Data records
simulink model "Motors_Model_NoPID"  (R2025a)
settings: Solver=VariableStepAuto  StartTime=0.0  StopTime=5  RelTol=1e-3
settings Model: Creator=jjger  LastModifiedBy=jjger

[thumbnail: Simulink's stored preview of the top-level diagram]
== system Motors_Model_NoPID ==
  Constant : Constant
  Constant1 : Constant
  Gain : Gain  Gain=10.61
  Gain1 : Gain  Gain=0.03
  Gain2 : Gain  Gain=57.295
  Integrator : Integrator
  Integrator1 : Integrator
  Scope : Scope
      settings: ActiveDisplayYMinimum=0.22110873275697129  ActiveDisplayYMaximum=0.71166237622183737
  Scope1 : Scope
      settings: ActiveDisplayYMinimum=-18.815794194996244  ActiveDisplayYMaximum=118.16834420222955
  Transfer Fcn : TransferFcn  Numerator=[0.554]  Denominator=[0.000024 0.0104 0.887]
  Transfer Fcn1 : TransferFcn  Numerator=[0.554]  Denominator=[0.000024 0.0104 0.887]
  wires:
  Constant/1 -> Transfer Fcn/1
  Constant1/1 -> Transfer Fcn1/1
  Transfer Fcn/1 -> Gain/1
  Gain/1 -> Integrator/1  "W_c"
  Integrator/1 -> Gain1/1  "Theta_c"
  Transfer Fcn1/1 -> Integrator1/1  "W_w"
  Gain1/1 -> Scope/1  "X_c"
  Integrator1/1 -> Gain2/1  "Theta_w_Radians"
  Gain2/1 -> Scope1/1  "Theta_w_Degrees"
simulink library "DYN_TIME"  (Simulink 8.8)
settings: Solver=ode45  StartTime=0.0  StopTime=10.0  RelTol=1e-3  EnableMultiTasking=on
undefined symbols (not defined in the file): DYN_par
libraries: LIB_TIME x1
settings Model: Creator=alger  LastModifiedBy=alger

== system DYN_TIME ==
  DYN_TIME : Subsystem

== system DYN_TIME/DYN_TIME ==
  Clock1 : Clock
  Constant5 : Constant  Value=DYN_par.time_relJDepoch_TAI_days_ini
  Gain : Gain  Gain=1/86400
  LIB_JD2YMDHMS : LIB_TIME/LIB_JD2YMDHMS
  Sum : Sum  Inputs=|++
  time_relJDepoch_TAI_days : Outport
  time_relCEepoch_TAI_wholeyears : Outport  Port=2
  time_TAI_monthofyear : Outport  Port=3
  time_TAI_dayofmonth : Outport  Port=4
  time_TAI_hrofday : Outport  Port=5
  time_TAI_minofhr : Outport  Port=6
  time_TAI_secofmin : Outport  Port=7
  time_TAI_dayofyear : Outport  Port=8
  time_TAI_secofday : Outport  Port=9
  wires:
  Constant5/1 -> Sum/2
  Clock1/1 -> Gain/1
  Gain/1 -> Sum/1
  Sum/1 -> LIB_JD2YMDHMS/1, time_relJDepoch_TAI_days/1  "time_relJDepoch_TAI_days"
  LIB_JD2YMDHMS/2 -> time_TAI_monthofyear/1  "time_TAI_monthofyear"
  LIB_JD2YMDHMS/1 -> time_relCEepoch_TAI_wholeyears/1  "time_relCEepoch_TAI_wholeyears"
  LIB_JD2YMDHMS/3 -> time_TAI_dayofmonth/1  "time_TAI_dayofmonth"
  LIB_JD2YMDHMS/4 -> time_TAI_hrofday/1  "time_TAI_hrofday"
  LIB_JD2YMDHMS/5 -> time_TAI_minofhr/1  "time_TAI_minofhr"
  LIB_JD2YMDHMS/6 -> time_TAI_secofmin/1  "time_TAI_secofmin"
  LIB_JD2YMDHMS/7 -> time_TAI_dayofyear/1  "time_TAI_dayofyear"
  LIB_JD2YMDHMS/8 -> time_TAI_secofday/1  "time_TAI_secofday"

▶ [WORK TASK]
Among the records above, extract exactly the lines from the line with "settings Model: Creator=jjger" to the line with "Scope1 : Scope", both lines included, and leave out the rest.

▶ [SOLUTION]
settings Model: Creator=jjger  LastModifiedBy=jjger

[thumbnail: Simulink's stored preview of the top-level diagram]
== system Motors_Model_NoPID ==
  Constant : Constant
  Constant1 : Constant
  Gain : Gain  Gain=10.61
  Gain1 : Gain  Gain=0.03
  Gain2 : Gain  Gain=57.295
  Integrator : Integrator
  Integrator1 : Integrator
  Scope : Scope
      settings: ActiveDisplayYMinimum=0.22110873275697129  ActiveDisplayYMaximum=0.71166237622183737
  Scope1 : Scope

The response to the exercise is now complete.